Converting IC two-wheelers to electric is very different from converting four-wheelers into electric vehicles. SUVs are even harder to electrify than passenger cars because their larger bodies and powertrains require bigger batteries to crank out more energy. And even if there’s an electric variant of an SUV, it’s awfully expensive.
Consumer choice is colliding with climate concerns.
For governments, mandatory electrification is a policy option, but it requires a huge political will and an industry buy-in. Last year, China imposed a mandate on its automakers asking them to ensure that 40% of their sales come from electric vehicles by 2040. But there’s a high cost to such mandates. Researchers at MIT estimate the “transition cost to China’s society could equal 0.1% of the nation’s growing gross domestic product every year”. They write:
This move will expand the production of EVs and EV batteries enough to bring down the worldwide cost of both. Within China, annual sales of all vehicles will drop temporarily and then resume growing. The market share of EVs will expand as mandated, but many models will remain more expensive than their gasoline-powered counterparts.

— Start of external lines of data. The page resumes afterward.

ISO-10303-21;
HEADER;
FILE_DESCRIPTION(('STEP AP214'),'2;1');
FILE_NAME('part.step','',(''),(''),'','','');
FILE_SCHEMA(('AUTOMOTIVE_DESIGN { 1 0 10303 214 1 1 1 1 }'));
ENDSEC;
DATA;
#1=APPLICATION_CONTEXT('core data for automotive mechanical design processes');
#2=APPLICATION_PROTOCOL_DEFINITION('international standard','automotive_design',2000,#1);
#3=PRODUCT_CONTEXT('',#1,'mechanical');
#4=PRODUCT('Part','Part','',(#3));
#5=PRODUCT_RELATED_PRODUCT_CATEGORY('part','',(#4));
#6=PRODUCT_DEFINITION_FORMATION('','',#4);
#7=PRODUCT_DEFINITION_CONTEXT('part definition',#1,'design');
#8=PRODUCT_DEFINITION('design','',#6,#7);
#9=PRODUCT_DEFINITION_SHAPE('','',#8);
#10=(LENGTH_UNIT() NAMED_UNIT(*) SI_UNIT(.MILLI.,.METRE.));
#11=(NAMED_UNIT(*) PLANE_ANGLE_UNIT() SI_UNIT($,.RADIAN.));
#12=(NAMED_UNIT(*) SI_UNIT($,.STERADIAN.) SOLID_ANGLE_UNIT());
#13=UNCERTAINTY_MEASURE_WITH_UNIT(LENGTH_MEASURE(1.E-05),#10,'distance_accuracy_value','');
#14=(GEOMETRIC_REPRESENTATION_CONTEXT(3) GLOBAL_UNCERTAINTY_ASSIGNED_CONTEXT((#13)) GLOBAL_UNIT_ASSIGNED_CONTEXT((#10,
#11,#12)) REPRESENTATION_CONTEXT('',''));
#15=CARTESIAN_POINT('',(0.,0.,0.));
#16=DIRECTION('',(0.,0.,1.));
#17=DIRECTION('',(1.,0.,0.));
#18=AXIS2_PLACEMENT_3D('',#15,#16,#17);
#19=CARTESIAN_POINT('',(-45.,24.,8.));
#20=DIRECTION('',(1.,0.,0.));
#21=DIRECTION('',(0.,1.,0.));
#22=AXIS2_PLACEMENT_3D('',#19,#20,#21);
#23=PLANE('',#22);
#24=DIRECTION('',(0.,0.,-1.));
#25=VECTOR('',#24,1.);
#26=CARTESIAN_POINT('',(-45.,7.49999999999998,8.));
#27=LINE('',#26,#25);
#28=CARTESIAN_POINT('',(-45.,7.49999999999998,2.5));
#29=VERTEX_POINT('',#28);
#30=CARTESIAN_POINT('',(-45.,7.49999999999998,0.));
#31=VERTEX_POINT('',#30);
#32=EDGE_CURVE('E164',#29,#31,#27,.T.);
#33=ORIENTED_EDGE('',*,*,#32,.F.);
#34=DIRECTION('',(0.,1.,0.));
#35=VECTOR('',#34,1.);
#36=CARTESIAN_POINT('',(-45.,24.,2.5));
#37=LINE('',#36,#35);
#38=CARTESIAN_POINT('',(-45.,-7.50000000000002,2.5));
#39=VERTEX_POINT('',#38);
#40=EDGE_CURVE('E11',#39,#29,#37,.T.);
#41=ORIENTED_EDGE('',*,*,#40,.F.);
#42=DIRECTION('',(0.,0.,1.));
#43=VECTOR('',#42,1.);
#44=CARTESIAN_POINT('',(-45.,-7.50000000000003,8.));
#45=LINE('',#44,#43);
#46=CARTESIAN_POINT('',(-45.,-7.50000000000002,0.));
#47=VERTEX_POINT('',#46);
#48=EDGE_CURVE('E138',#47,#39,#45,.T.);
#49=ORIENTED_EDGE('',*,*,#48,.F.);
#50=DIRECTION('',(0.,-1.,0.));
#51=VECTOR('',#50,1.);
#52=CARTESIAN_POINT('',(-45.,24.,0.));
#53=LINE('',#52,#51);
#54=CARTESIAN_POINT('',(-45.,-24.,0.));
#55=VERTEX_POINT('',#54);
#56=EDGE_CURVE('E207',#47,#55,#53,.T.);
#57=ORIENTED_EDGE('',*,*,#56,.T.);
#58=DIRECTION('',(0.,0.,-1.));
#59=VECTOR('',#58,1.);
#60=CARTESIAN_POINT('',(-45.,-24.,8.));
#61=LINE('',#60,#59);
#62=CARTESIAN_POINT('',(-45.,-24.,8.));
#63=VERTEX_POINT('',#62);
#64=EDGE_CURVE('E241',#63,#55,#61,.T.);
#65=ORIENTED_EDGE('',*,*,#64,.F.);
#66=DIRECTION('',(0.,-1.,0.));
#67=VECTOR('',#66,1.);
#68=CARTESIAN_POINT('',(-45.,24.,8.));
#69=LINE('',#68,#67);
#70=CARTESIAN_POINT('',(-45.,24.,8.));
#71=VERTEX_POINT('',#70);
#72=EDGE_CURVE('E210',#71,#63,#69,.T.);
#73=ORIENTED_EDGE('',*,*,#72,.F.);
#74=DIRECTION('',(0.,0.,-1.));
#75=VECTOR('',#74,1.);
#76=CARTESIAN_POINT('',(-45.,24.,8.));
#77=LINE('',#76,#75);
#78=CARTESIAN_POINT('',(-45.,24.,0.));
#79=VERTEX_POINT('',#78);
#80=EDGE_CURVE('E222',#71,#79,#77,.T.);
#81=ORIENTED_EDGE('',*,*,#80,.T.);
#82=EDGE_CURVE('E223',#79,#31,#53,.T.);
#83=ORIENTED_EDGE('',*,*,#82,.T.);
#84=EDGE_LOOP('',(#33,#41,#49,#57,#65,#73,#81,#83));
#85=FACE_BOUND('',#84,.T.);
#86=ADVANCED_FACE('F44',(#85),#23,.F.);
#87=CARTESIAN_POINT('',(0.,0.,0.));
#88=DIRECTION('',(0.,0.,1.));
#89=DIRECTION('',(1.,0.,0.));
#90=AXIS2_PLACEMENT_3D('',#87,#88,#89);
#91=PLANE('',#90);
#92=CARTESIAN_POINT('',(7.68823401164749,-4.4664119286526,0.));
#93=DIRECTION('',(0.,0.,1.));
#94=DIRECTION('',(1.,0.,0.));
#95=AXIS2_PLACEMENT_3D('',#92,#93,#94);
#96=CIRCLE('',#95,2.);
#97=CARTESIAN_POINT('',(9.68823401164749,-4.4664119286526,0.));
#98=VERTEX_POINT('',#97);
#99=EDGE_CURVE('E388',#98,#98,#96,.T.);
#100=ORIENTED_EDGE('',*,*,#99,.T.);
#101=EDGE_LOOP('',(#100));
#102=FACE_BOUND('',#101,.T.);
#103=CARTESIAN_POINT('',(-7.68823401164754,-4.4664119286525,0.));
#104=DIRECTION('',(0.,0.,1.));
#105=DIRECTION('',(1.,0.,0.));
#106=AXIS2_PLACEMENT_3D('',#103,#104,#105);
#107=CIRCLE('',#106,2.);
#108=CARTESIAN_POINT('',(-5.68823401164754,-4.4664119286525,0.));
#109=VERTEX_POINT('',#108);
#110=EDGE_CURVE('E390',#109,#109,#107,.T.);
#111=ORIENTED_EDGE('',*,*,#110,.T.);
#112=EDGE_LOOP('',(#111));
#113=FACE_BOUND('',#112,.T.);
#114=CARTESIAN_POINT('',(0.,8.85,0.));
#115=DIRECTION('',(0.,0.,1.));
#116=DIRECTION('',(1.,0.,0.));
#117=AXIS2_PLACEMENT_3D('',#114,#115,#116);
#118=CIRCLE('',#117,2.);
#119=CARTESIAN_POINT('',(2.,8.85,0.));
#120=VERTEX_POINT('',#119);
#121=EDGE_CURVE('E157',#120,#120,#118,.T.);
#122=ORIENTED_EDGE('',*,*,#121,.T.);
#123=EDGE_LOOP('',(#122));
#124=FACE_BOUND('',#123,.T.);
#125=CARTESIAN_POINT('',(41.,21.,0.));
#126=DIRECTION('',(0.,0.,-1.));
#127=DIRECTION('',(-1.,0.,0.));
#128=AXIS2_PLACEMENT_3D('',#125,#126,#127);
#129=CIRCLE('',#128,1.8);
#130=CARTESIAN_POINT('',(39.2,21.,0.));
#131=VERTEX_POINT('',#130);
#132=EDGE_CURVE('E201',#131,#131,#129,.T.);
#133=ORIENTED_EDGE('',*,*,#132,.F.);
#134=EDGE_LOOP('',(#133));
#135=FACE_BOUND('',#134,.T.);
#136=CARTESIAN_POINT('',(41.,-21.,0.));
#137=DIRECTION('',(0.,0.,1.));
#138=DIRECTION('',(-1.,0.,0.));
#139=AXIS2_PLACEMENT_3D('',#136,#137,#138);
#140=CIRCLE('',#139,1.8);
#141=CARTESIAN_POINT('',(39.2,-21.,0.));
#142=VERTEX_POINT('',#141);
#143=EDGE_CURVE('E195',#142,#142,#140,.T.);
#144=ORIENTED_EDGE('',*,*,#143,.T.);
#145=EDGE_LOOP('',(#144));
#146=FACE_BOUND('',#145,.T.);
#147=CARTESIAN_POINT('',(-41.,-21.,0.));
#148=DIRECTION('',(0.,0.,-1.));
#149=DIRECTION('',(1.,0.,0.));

I asked Smil if India or other countries could resort to similar mandates to phase out ICs. He thinks it really doesn’t matter what governments say because the reality makes it impossible to replace all IC vehicles with EVs for decades to come.
Between 1990 and 2020, the world's dependence on fossil fuels as the share of all primary energy fell from 87% to 83%, he says. “What would make you believe that in the next 30 years it will fall from 83% to ZERO?”
Well, I am optimistic but under no illusion that we’ll get near Zero.
“I myself do not and never will have an SUV, nor would I rush to buy an EV and have never argued that they should be mandated. Given the problems with both, I find an efficient small car, driven only when needed, such as my Honda Civic, the best option,” the Canadian professor told me.
But I’m not sure if consumers, who love the ‘utility’ of an SUV, and the automakers, who love the higher margins they offer, would agree with Smil. It boils down to individual choice. At least for now.
What caught our eye
People don’t understand how much money you can make in things that people hate.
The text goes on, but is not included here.